Zimbardo argues that the apples were not bad, but that the barrel was terrible. The barrel was bad because the system that maintained the prison barrel was grossly inadequate for the task, ultimately resulting in the corruption of the apples. This does not absolve individuals of their wrong actions, but it addresses the responsibility that we have to the whole system.
The apples became rotten because of the conditions of the barrel which could have been greatly averted had the system been wisely planned and maintained. So bad apples are not always the cause of ruin, and thrown into a bad situation, some apples don’t stand a chance. He concludes the book with a discussion of heroism and encourages others to seek to be heroes like the MP who reported the injustices (whose family had to go into protective custody after the trial because of his unpopular decision to speak against his fellow officers). If we take that analogy to the issue of marriage, the husband and wife become the apples, the marriage becomes the barrel, and all the beliefs about what marriage is and how it works become our proverbial barrel maintenance system. If one accepts the CBMW concept of marriage, the barrel that is prepared and maintained through their teaching becomes an inhospitable place.
Systems like CBMW create and support the environment in the marriage barrel, casting husband and wife as those in contention with one another by nature. I assert that it is the system that promotes the spoilage of the apples (the husband that feels such frustration with his wife making abuse understandable) by erroneously defines the barrel as an adversarial system. In the case of a husband desiring to abuse his wife, it is not the wife that is the bad apple (through her lack of submission) but the system that predicts abuse. Sadly, family systems therapists have well established that human beings seek out familiarity of our previous relationships, and people tend to do “barrel hopping.” We learn to anticipate and PASSIVELY seek the familiarity of our previous barrel in terms of relationships.

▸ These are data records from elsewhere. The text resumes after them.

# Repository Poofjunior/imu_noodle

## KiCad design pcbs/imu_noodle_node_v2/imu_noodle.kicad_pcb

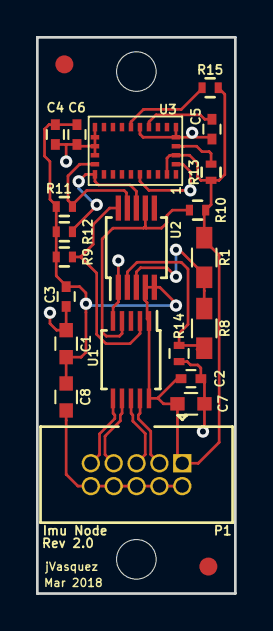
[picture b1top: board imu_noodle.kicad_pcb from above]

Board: 2 copper layers, 11.0 x 30.9 mm, 21 parts (0 on the bottom side), 15 nets.

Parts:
C1, C7: 1uF; C_0603
C2, C5, C6: 0.1uF; C_0402
C3: 6.8nF; C_0402
C4: 120nF; C_0402
C8: 10uF; C_0603
P1: CONN_02X05; 3M_ribbon_connector_thru_5x2_.05in_pitch_45210-620230
R1, R8: TBD; R_0603_HandSoldering
R9, R10, R11, R12: 4K7; R_0402
R13, R15: 10K; R_0402
R14: 0; R_0402
U1: PCA9615; TSSOP-10_3x3mm_Pitch0.5mm
U2: LTC4316; MSOP-10_3x3mm_Pitch0.5mm
U3: BNO055; LGA-28

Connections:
+3V3: C1.1, C2.2, C3.2, C4.2, C6.2, C7.1, C8.1, P1.1, R1.1, R9.1, R10.1, R11.1, R12.1, R13.1, R15.1, U1.1, U1.10, U2.4, U2.5, U3.3, U3.28
/DSCL0_N: P1.9, U1.6
/DSCL0_P: P1.7, U1.7
/DSDA0_N: P1.3, U1.9
/DSDA0_P: P1.5, U1.8
/t_scl: R11.2, U2.9, U3.19
/t_sda: R12.2, U2.8, U3.20
GNDD: C1.2, C2.1, C3.1, C4.1, C5.1, C6.1, C7.2, C8.2, P1.2, P1.4, P1.6, P1.8, P1.10, R14.2, U1.5, U2.1, U3.2, U3.5, U3.6, U3.10, U3.15, U3.16, U3.17, U3.18, U3.25
unnamed: C5.2, U3.9
unnamed: R1.2, R8.1, U2.3
unnamed: R13.2, U3.4
unnamed: R8.2, R14.1, U2.2
unnamed: R15.2, U3.11
SCL_CLASH: R10.2, U1.4, U2.7
SDA_CLASH: R9.2, U1.2, U2.10

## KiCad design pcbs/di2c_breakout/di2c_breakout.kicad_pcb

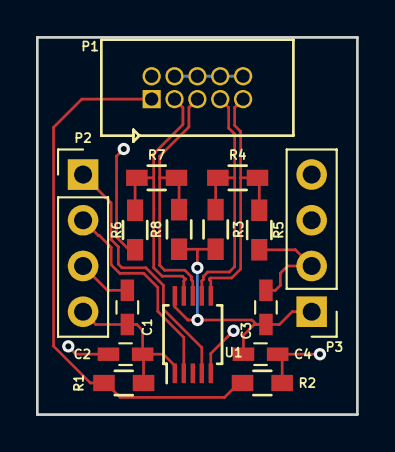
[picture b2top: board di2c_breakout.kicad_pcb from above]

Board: 2 copper layers, 17.8 x 21.0 mm, 16 parts (0 on the bottom side), 10 nets.

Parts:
C1, C3: 1uF; C_0603_HandSoldering
C2, C4: 0.1uF; C_0603_HandSoldering
P1: CONN_02X05; 3M_ribbon_connector_thru_5x2_.05in_pitch_45210-600230
P2, P3: CONN_01X04; Pin_Header_Straight_1x04_Pitch2.54mm
R1, R2: 0; R_0603_HandSoldering
R3, R4, R5: TBD; R_0603_HandSoldering
R6, R8: 750; R_0603_HandSoldering
R7: 130; R_0603_HandSoldering
U1: PCA9615; TSSOP-10_3x3mm_Pitch0.5mm

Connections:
/DSCL0_N: P1.9, R4.2, R5.1, U1.6
/DSCL0_P: P1.7, R3.2, R4.1, U1.7
/DSDA0_N: P1.3, R6.2, R7.1, U1.9
/DSDA0_P: P1.5, R7.2, R8.1, U1.8
/SCL: P2.1, U1.4
/SDA: P2.2, U1.2
GNDD: C1.2, C2.2, C3.2, C4.2, P1.2, P1.4, P1.6, P1.8, P1.10, P2.3, P3.2, P3.3, P3.4, R2.2, R5.2, R6.1, U1.5
unnamed: P1.1, R1.1, R2.1
VDDA: C1.1, C2.1, P2.4, R1.2, U1.1
VDDB: C3.1, C4.1, P3.1, R3.1, R8.2, U1.10

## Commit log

2017-01-31 added imu noodle nodes and di2c breakout
2017-01-31 flipping silkscreen
2017-02-02 added more caps; specified BOM components; finished first pass at layout
2017-02-02 finished node layout; passes drc
2017-02-02 finished node sch and pcb; passes drc
2017-03-24 added beginnings of a bno055 driver
2017-03-25 added a read quaternion func
2017-03-25 updated multi-node bringup example
2017-03-25 fixed byte order bug
2017-04-27 works with two nodes
2017-04-27 refactored; still works with only 2 nodes
2017-04-27 fixed segfault
2017-04-27 2d viz works!
2017-04-27 added a demo for funzies
2017-04-27 added some test code
2017-05-08 working state
2017-05-12 it works!
2017-05-12 cleaned up syntax
2017-05-13 adding all files
2017-05-14 tweaked visualization
2017-05-14 results are satisfying
2017-05-14 added translation byte docs to schematic
2017-05-14 added pdf of schematic
2017-05-16 works with 4 nodes
2017-05-16 updated gitignore
2017-05-16 added a common lib for usb transactions
2017-05-18 incoming quaternion data is questionable
2017-05-18 syntax error
2017-05-20 works with 5 nodes
2017-05-20 smoothed output with increased packet transfer rate
2018-04-16 added imu v2 node
2018-04-25 adding v2 schematic

People who leave bad relationships gravitate toward the familiar. It’s just what human beings do. Women who married and divorced alcoholics or wife beaters often end up “finding themselves” (to their own mortification) in new marriages with yet another alcoholic or wife beater. They do not ACTIVELY seek out another spouse of the same persuasion, but they do PASSIVELY seek out the familiarity of their previous relationships. They don’t actively seek or even invite the abuse but passively seek the familiar, whether that is desirable or not. Add to this all the complexities of relationships in general.
In a previous post I made this statement:
Victims will automatically punish themselves and redefine every situation to make them the causative factor in every situation gone awry. Those are the roles that victims know well, and they will then generally seek out an enabler to encourage what they understand to be their role within all of their relationships. A victim 'one-downs' him or herself in any given setting because that is what is most familiar to them, whether the context of the situation deems them to be so or not.This is no way means that the shame-based or victim-oriented person invites abuse by “seeking out an enabler,” whether that is a person or a religious system that believes that suffering should never be avoided. What I was referring to was the passive seeking of the familiar, something very different from inviting abuse. Kate Johnson of the Christian Coalition Against Domestic Abuse contacted me in order to express her concern that my language could also be misconstrued by an abuser to mean that a woman was “asking for it.” She offered this alternative:
“Victims will automatically blame themselves and unjustly become the causative factor in every situation gone awry. Those are the roles that victims know well, and they will then generally be drawn to someone who is abusive, which keeps them in the role they know too well, that of victim within all of their relationships. A victim finds themselves in a 'one-down' position in any given setting because that is what is most familiar to them, whether the context of the situation deems them to be so or not.”I understand the concern, but I am personally uncomfortable with this alternative. This comment defines the victim as a type of “innocent bystander” in some sense. I don’t believe, and family systems theory (Bowen, et. al.), exit counseling literature and the addictions literature would argue that the person does make unintentional choices through their preference for the familiar. Kate Johnson may not agree with me.
Shame-based people will inevitably seek out dysfunctional relationships, though I don’t believe that this is ever an active, deliberate choice but a passive search for familiarity. Persons are responsible for where they “find themselves” and what they “unjustly become” in a relationship, no matter how passive their choices were that put them there. There are choices involved for which they are responsible, wherein they hop out of one bad barrel, often hopping right into another familiar one (also frequent behavior practiced by people leaving abusive churches to find themselves right back in a new abusive church – cult hopping).
This, again, is not a situation wherein people ACTIVELY invite or seek out ABUSE, even though people are still responsible for their passive choices. This also does not justify abuse of any time under any circumstances either.
The bottom line: People are still responsible for their own actions, and on that I think that Kate and I can agree. I also want to own what I profess, particularly in this forum. There may likely no way to safety proof every argument to ensure that an abuser will not twist some of these statements to legitimize their behaviors. But we can try!